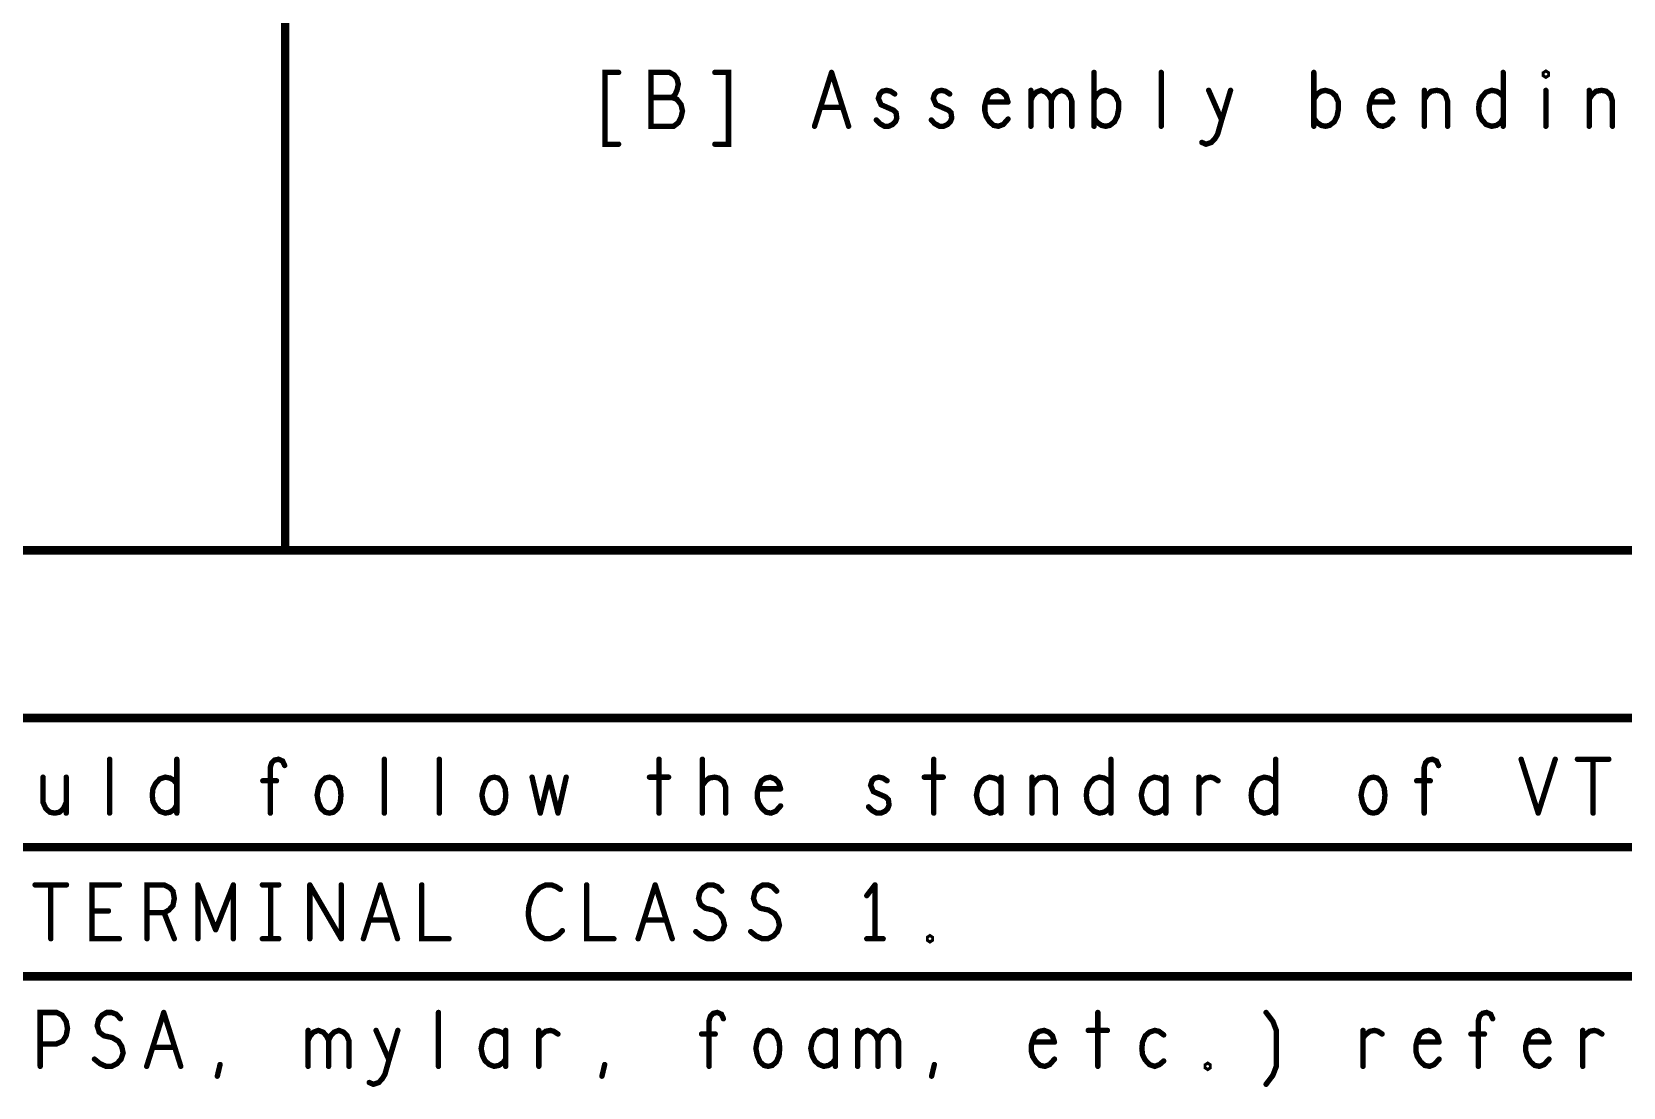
# Model space of a CAD drawing. Header units: millimetres. Extents: x 3362 to 3827, y -139 to 191.
# Drawn here: x 3437.54 to 3475.05, y 7.42 to 32.3 of the extents above; entities that cross this region are included whole.
import ezdxf

# ---------------------------------------------------------------- set-up
doc = ezdxf.new("R2010")
doc.units = ezdxf.units.MM
doc.header["$LTSCALE"] = 23.1
doc.layers.get('0').update_dxf_attribs({"linetype": 'CONTINUOUS'})

# ---------------------------------------------------------------- blocks, each defined once
blk = doc.blocks.new('PAD_R1')
at = {"const_width": 0.5}
blk.add_lwpolyline([(0.25, 0, 1), (-0.25, 0, 1)], format="xyb", close=True, dxfattribs=at)

msp = doc.modelspace()

# ---------------------------------------------------------------- linework, layer by layer
for points, const_width in [([(3443.508, 57.813), (3443.508, 20.076), (3513.593, 20.076)], 0.203), ([(3451.37, 31.346), (3451.049, 31.346), (3451.049, 29.653), (3451.37, 29.653)], 0.127), ([(3452.634, 30.754), (3452.698, 30.817), (3452.746, 30.923), (3452.778, 31.071), (3452.746, 31.198), (3452.682, 31.283), (3452.569, 31.346), (3452.135, 31.346), (3452.135, 30.076), (3452.666, 30.076), (3452.778, 30.161), (3452.843, 30.288), (3452.875, 30.436), (3452.843, 30.584), (3452.746, 30.711), (3452.634, 30.754), (3452.135, 30.754)], 0.127), ([(3453.639, 29.653), (3453.961, 29.653), (3453.961, 31.346), (3453.639, 31.346)], 0.127), ([(3455.989, 30.076), (3456.391, 31.346)], 0.127), ([(3456.391, 31.346), (3456.793, 30.076)], 0.127), ([(3462.578, 30.076), (3462.578, 31.346)], 0.127), ([(3464.163, 30.076), (3464.163, 31.346)], 0.127), ([(3467.76, 30.076), (3467.76, 31.346)], 0.127), ([(3472.225, 31.346), (3472.225, 30.076)], 0.127), ([(3457.445, 30.224), (3457.526, 30.14), (3457.638, 30.076), (3457.735, 30.076), (3457.831, 30.119), (3457.895, 30.182), (3457.928, 30.267), (3457.912, 30.394), (3457.847, 30.457), (3457.558, 30.584), (3457.493, 30.732), (3457.526, 30.838), (3457.59, 30.902), (3457.686, 30.923), (3457.783, 30.902), (3457.879, 30.838)], 0.127), ([(3458.741, 30.224), (3458.821, 30.14), (3458.934, 30.076), (3459.03, 30.076), (3459.127, 30.119), (3459.191, 30.182), (3459.223, 30.267), (3459.207, 30.394), (3459.143, 30.457), (3458.853, 30.584), (3458.789, 30.732), (3458.821, 30.838), (3458.885, 30.902), (3458.982, 30.923), (3459.078, 30.902), (3459.175, 30.838)], 0.127), ([(3460.551, 30.648), (3460.503, 30.796), (3460.422, 30.881), (3460.309, 30.923), (3460.197, 30.902), (3460.1, 30.838), (3460.036, 30.69), (3460.004, 30.563), (3460.004, 30.436), (3460.036, 30.309), (3460.116, 30.182), (3460.213, 30.097), (3460.325, 30.076), (3460.438, 30.119), (3460.551, 30.246)], 0.127), ([(3461.09, 30.69), (3461.138, 30.796), (3461.219, 30.881), (3461.331, 30.923), (3461.444, 30.881), (3461.524, 30.796), (3461.573, 30.69), (3461.573, 30.076)], 0.127), ([(3461.09, 30.076), (3461.09, 30.923)], 0.127), ([(3461.573, 30.69), (3461.621, 30.796), (3461.701, 30.881), (3461.814, 30.923), (3461.926, 30.881), (3462.007, 30.796), (3462.055, 30.669), (3462.055, 30.076)], 0.127), ([(3462.578, 30.711), (3462.659, 30.838), (3462.755, 30.902), (3462.852, 30.923), (3462.997, 30.881), (3463.093, 30.796), (3463.158, 30.648), (3463.158, 30.478), (3463.125, 30.309), (3463.061, 30.182), (3462.949, 30.097), (3462.852, 30.076), (3462.755, 30.097), (3462.659, 30.161), (3462.578, 30.267)], 0.127), ([(3465.121, 29.695), (3465.218, 29.653), (3465.346, 29.695), (3465.427, 29.78), (3465.491, 29.886), (3465.588, 30.224), (3465.797, 30.923)], 0.127), ([(3465.282, 30.923), (3465.588, 30.224)], 0.127), ([(3467.76, 30.711), (3467.841, 30.838), (3467.937, 30.902), (3468.034, 30.923), (3468.178, 30.881), (3468.275, 30.796), (3468.339, 30.648), (3468.339, 30.478), (3468.307, 30.309), (3468.243, 30.182), (3468.13, 30.097), (3468.034, 30.076), (3467.937, 30.097), (3467.841, 30.161), (3467.76, 30.267)], 0.127), ([(3469.619, 30.648), (3469.57, 30.796), (3469.49, 30.881), (3469.377, 30.923), (3469.264, 30.902), (3469.168, 30.838), (3469.104, 30.69), (3469.071, 30.563), (3469.071, 30.436), (3469.104, 30.309), (3469.184, 30.182), (3469.281, 30.097), (3469.393, 30.076), (3469.506, 30.119), (3469.619, 30.246)], 0.127), ([(3470.367, 30.711), (3470.431, 30.817), (3470.528, 30.902), (3470.656, 30.923), (3470.769, 30.902), (3470.866, 30.817), (3470.914, 30.669), (3470.914, 30.076)], 0.127), ([(3470.367, 30.076), (3470.367, 30.923)], 0.127), ([(3472.225, 30.267), (3472.161, 30.161), (3472.065, 30.097), (3471.952, 30.076), (3471.823, 30.119), (3471.727, 30.224), (3471.662, 30.351), (3471.646, 30.5), (3471.662, 30.648), (3471.727, 30.775), (3471.823, 30.881), (3471.952, 30.923), (3472.065, 30.902), (3472.145, 30.859), (3472.225, 30.775)], 0.127), ([(3473.231, 30.923), (3473.231, 30.076)], 0.127), ([(3474.253, 30.711), (3474.318, 30.817), (3474.414, 30.902), (3474.543, 30.923), (3474.655, 30.902), (3474.752, 30.817), (3474.8, 30.669), (3474.8, 30.076)], 0.127), ([(3474.253, 30.076), (3474.253, 30.923)], 0.127), ([(3456.648, 30.521), (3456.134, 30.521)], 0.127), ([(3460.036, 30.648), (3460.551, 30.648)], 0.127), ([(3469.104, 30.648), (3469.619, 30.648)], 0.127), ([(3387.064, 20.076), (3443.508, 20.076)], 0.203), ([(3387.084, 16.129), (3513.593, 16.129)], 0.203), ([(3439.369, 13.884), (3439.369, 15.154)], 0.127), ([(3440.954, 15.154), (3440.954, 13.884)], 0.127), ([(3443.159, 13.884), (3443.159, 14.964), (3443.191, 15.07), (3443.255, 15.133), (3443.352, 15.154), (3443.448, 15.112), (3443.497, 15.006)], 0.127), ([(3445.846, 13.884), (3445.846, 15.154)], 0.127), ([(3447.142, 13.884), (3447.142, 15.154)], 0.127), ([(3452.323, 15.154), (3452.323, 13.884)], 0.127), ([(3453.345, 13.884), (3453.345, 15.154)], 0.127), ([(3458.8, 15.154), (3458.8, 13.884)], 0.127), ([(3462.976, 15.154), (3462.976, 13.884)], 0.127), ([(3466.862, 15.154), (3466.862, 13.884)], 0.127), ([(3470.362, 13.884), (3470.362, 14.964), (3470.395, 15.07), (3470.459, 15.133), (3470.555, 15.154), (3470.652, 15.112), (3470.7, 15.006)], 0.127), ([(3472.648, 15.154), (3473.05, 13.884)], 0.127), ([(3473.05, 13.884), (3473.452, 15.154)], 0.127), ([(3473.975, 15.154), (3474.715, 15.154)], 0.127), ([(3474.345, 15.154), (3474.345, 13.884)], 0.127), ([(3437.8, 14.731), (3437.8, 14.138), (3437.865, 13.99), (3437.961, 13.905), (3438.074, 13.884), (3438.186, 13.905), (3438.283, 13.99), (3438.347, 14.138)], 0.127), ([(3438.347, 13.884), (3438.347, 14.731)], 0.127), ([(3440.954, 14.075), (3440.89, 13.969), (3440.793, 13.905), (3440.681, 13.884), (3440.552, 13.927), (3440.456, 14.032), (3440.391, 14.159), (3440.375, 14.308), (3440.391, 14.456), (3440.456, 14.583), (3440.552, 14.689), (3440.681, 14.731), (3440.793, 14.71), (3440.874, 14.667), (3440.954, 14.583)], 0.127), ([(3443.304, 14.646), (3442.982, 14.646)], 0.127), ([(3449.33, 14.731), (3449.523, 13.884)], 0.127), ([(3449.523, 13.884), (3449.732, 14.731)], 0.127), ([(3449.732, 14.731), (3449.941, 13.884)], 0.127), ([(3449.941, 13.884), (3450.134, 14.731)], 0.127), ([(3452.098, 14.731), (3452.548, 14.731)], 0.127), ([(3453.345, 14.54), (3453.426, 14.646), (3453.506, 14.71), (3453.635, 14.731), (3453.731, 14.71), (3453.844, 14.625), (3453.892, 14.498), (3453.892, 13.884)], 0.127), ([(3455.188, 14.456), (3455.139, 14.604), (3455.059, 14.689), (3454.946, 14.731), (3454.833, 14.71), (3454.737, 14.646), (3454.673, 14.498), (3454.64, 14.371), (3454.64, 14.244), (3454.673, 14.117), (3454.753, 13.99), (3454.85, 13.905), (3454.962, 13.884), (3455.075, 13.927), (3455.188, 14.054)], 0.127), ([(3457.263, 14.032), (3457.344, 13.948), (3457.457, 13.884), (3457.553, 13.884), (3457.65, 13.927), (3457.714, 13.99), (3457.746, 14.075), (3457.73, 14.202), (3457.666, 14.265), (3457.376, 14.392), (3457.312, 14.54), (3457.344, 14.646), (3457.408, 14.71), (3457.505, 14.731), (3457.601, 14.71), (3457.698, 14.646)], 0.127), ([(3458.575, 14.731), (3459.025, 14.731)], 0.127), ([(3460.385, 14.583), (3460.321, 14.667), (3460.224, 14.71), (3460.112, 14.731), (3459.999, 14.689), (3459.903, 14.604), (3459.838, 14.477), (3459.806, 14.308), (3459.838, 14.138), (3459.903, 14.011), (3459.999, 13.927), (3460.112, 13.884), (3460.224, 13.905), (3460.321, 13.969), (3460.385, 14.054)], 0.127), ([(3460.385, 13.884), (3460.385, 14.731)], 0.127), ([(3461.117, 14.519), (3461.182, 14.625), (3461.278, 14.71), (3461.407, 14.731), (3461.52, 14.71), (3461.616, 14.625), (3461.665, 14.477), (3461.665, 13.884)], 0.127), ([(3461.117, 13.884), (3461.117, 14.731)], 0.127), ([(3462.976, 14.075), (3462.912, 13.969), (3462.815, 13.905), (3462.702, 13.884), (3462.574, 13.927), (3462.477, 14.032), (3462.413, 14.159), (3462.397, 14.308), (3462.413, 14.456), (3462.477, 14.583), (3462.574, 14.689), (3462.702, 14.731), (3462.815, 14.71), (3462.895, 14.667), (3462.976, 14.583)], 0.127), ([(3464.271, 14.583), (3464.207, 14.667), (3464.111, 14.71), (3463.998, 14.731), (3463.885, 14.689), (3463.789, 14.604), (3463.724, 14.477), (3463.692, 14.308), (3463.724, 14.138), (3463.789, 14.011), (3463.885, 13.927), (3463.998, 13.884), (3464.111, 13.905), (3464.207, 13.969), (3464.271, 14.054)], 0.127), ([(3464.271, 13.884), (3464.271, 14.731)], 0.127), ([(3465.052, 14.562), (3465.132, 14.646), (3465.213, 14.71), (3465.325, 14.731), (3465.406, 14.71), (3465.502, 14.646)], 0.127), ([(3465.052, 13.884), (3465.052, 14.731)], 0.127), ([(3466.862, 14.075), (3466.798, 13.969), (3466.701, 13.905), (3466.589, 13.884), (3466.46, 13.927), (3466.364, 14.032), (3466.299, 14.159), (3466.283, 14.308), (3466.299, 14.456), (3466.364, 14.583), (3466.46, 14.689), (3466.589, 14.731), (3466.701, 14.71), (3466.782, 14.667), (3466.862, 14.583)], 0.127), ([(3470.507, 14.646), (3470.185, 14.646)], 0.127), ([(3454.673, 14.456), (3455.188, 14.456)], 0.127), ([(3387.084, 13.081), (3513.593, 13.081)], 0.203), ([(3437.613, 12.192), (3438.353, 12.192)], 0.127), ([(3437.983, 12.192), (3437.983, 10.922)], 0.127), ([(3439.6, 10.922), (3438.956, 10.922), (3438.956, 12.192), (3439.6, 12.192)], 0.127), ([(3440.252, 10.922), (3440.252, 12.192), (3440.654, 12.192), (3440.783, 12.128), (3440.863, 12.044), (3440.895, 11.874), (3440.863, 11.705), (3440.767, 11.599), (3440.654, 11.536), (3440.252, 11.536)], 0.127), ([(3441.451, 10.922), (3441.451, 12.192)], 0.127), ([(3441.451, 12.192), (3441.869, 11.133)], 0.127), ([(3441.869, 11.133), (3442.287, 12.192)], 0.127), ([(3442.287, 12.192), (3442.287, 10.922)], 0.127), ([(3442.971, 12.192), (3443.358, 12.192)], 0.127), ([(3443.164, 12.192), (3443.164, 10.922)], 0.127), ([(3444.09, 10.922), (3444.09, 12.192)], 0.127), ([(3444.09, 12.192), (3444.83, 10.922)], 0.127), ([(3444.83, 10.922), (3444.83, 12.192)], 0.127), ([(3445.353, 10.922), (3445.755, 12.192)], 0.127), ([(3445.755, 12.192), (3446.157, 10.922)], 0.127), ([(3446.729, 12.192), (3446.729, 10.922), (3447.372, 10.922)], 0.127), ([(3449.995, 12.086), (3449.899, 12.149), (3449.786, 12.192), (3449.657, 12.192), (3449.513, 12.128), (3449.4, 12.022), (3449.32, 11.895), (3449.255, 11.684), (3449.239, 11.493), (3449.271, 11.303), (3449.32, 11.176), (3449.416, 11.049), (3449.529, 10.964), (3449.641, 10.922), (3449.754, 10.922), (3449.867, 10.964), (3449.963, 11.028), (3450.044, 11.112)], 0.127), ([(3450.615, 12.192), (3450.615, 10.922), (3451.259, 10.922)], 0.127), ([(3451.83, 10.922), (3452.232, 12.192)], 0.127), ([(3452.232, 12.192), (3452.634, 10.922)], 0.127), ([(3453.19, 11.091), (3453.319, 10.985), (3453.463, 10.922), (3453.592, 10.922), (3453.721, 10.985), (3453.817, 11.091), (3453.865, 11.239), (3453.833, 11.387), (3453.753, 11.514), (3453.608, 11.599), (3453.415, 11.641), (3453.302, 11.726), (3453.254, 11.874), (3453.286, 12.022), (3453.367, 12.128), (3453.479, 12.192), (3453.592, 12.192), (3453.705, 12.149), (3453.801, 12.044)], 0.127), ([(3454.485, 11.091), (3454.614, 10.985), (3454.759, 10.922), (3454.887, 10.922), (3455.016, 10.985), (3455.113, 11.091), (3455.161, 11.239), (3455.129, 11.387), (3455.048, 11.514), (3454.904, 11.599), (3454.711, 11.641), (3454.598, 11.726), (3454.55, 11.874), (3454.582, 12.022), (3454.662, 12.128), (3454.775, 12.192), (3454.887, 12.192), (3455, 12.149), (3455.097, 12.044)], 0.127), ([(3457.414, 12.192), (3457.221, 11.938)], 0.127), ([(3457.414, 10.922), (3457.414, 12.192)], 0.127), ([(3439.343, 11.578), (3438.956, 11.578)], 0.127), ([(3440.654, 11.536), (3440.895, 10.922)], 0.127), ([(3446.013, 11.366), (3445.498, 11.366)], 0.127), ([(3452.49, 11.366), (3451.975, 11.366)], 0.127), ([(3442.971, 10.922), (3443.358, 10.922)], 0.127), ([(3457.221, 10.922), (3457.607, 10.922)], 0.127), ([(3387.084, 10.033), (3513.593, 10.033)], 0.203), ([(3437.733, 7.914), (3437.733, 9.184), (3438.12, 9.184), (3438.248, 9.121), (3438.345, 8.973), (3438.377, 8.803), (3438.345, 8.634), (3438.264, 8.507), (3438.12, 8.444), (3437.733, 8.444)], 0.127), ([(3439.013, 8.084), (3439.142, 7.978), (3439.286, 7.914), (3439.415, 7.914), (3439.544, 7.978), (3439.64, 8.084), (3439.688, 8.232), (3439.656, 8.38), (3439.576, 8.507), (3439.431, 8.592), (3439.238, 8.634), (3439.125, 8.719), (3439.077, 8.867), (3439.109, 9.015), (3439.19, 9.121), (3439.302, 9.184), (3439.415, 9.184), (3439.528, 9.142), (3439.624, 9.036)], 0.127), ([(3440.244, 7.914), (3440.646, 9.184)], 0.127), ([(3440.646, 9.184), (3441.048, 7.914)], 0.127), ([(3447.123, 7.914), (3447.123, 9.184)], 0.127), ([(3453.504, 7.914), (3453.504, 8.994), (3453.536, 9.1), (3453.6, 9.163), (3453.697, 9.184), (3453.793, 9.142), (3453.841, 9.036)], 0.127), ([(3462.668, 9.184), (3462.668, 7.914)], 0.127), ([(3466.635, 7.491), (3466.795, 7.703), (3466.876, 7.914), (3466.876, 8.761), (3466.795, 8.973), (3466.635, 9.184)], 0.127), ([(3471.639, 7.914), (3471.639, 8.994), (3471.671, 9.1), (3471.736, 9.163), (3471.832, 9.184), (3471.929, 9.142), (3471.977, 9.036)], 0.127), ([(3444.05, 8.528), (3444.098, 8.634), (3444.178, 8.719), (3444.291, 8.761), (3444.403, 8.719), (3444.484, 8.634), (3444.532, 8.528), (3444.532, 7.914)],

== TO DO ==
Before answering, find the line with "layer by layer" in the records above; then reproduce exactly each line from the first through that line, leaving out pictures.

== YOUR SOLUTION ==
# Model space of a CAD drawing. Header units: millimetres. Extents: x 3362 to 3827, y -139 to 191.
# Drawn here: x 3437.54 to 3475.05, y 7.42 to 32.3 of the extents above; entities that cross this region are included whole.
import ezdxf

# ---------------------------------------------------------------- set-up
doc = ezdxf.new("R2010")
doc.units = ezdxf.units.MM
doc.header["$LTSCALE"] = 23.1
doc.layers.get('0').update_dxf_attribs({"linetype": 'CONTINUOUS'})

# ---------------------------------------------------------------- blocks, each defined once
blk = doc.blocks.new('PAD_R1')
at = {"const_width": 0.5}
blk.add_lwpolyline([(0.25, 0, 1), (-0.25, 0, 1)], format="xyb", close=True, dxfattribs=at)

msp = doc.modelspace()

# ---------------------------------------------------------------- linework, layer by layer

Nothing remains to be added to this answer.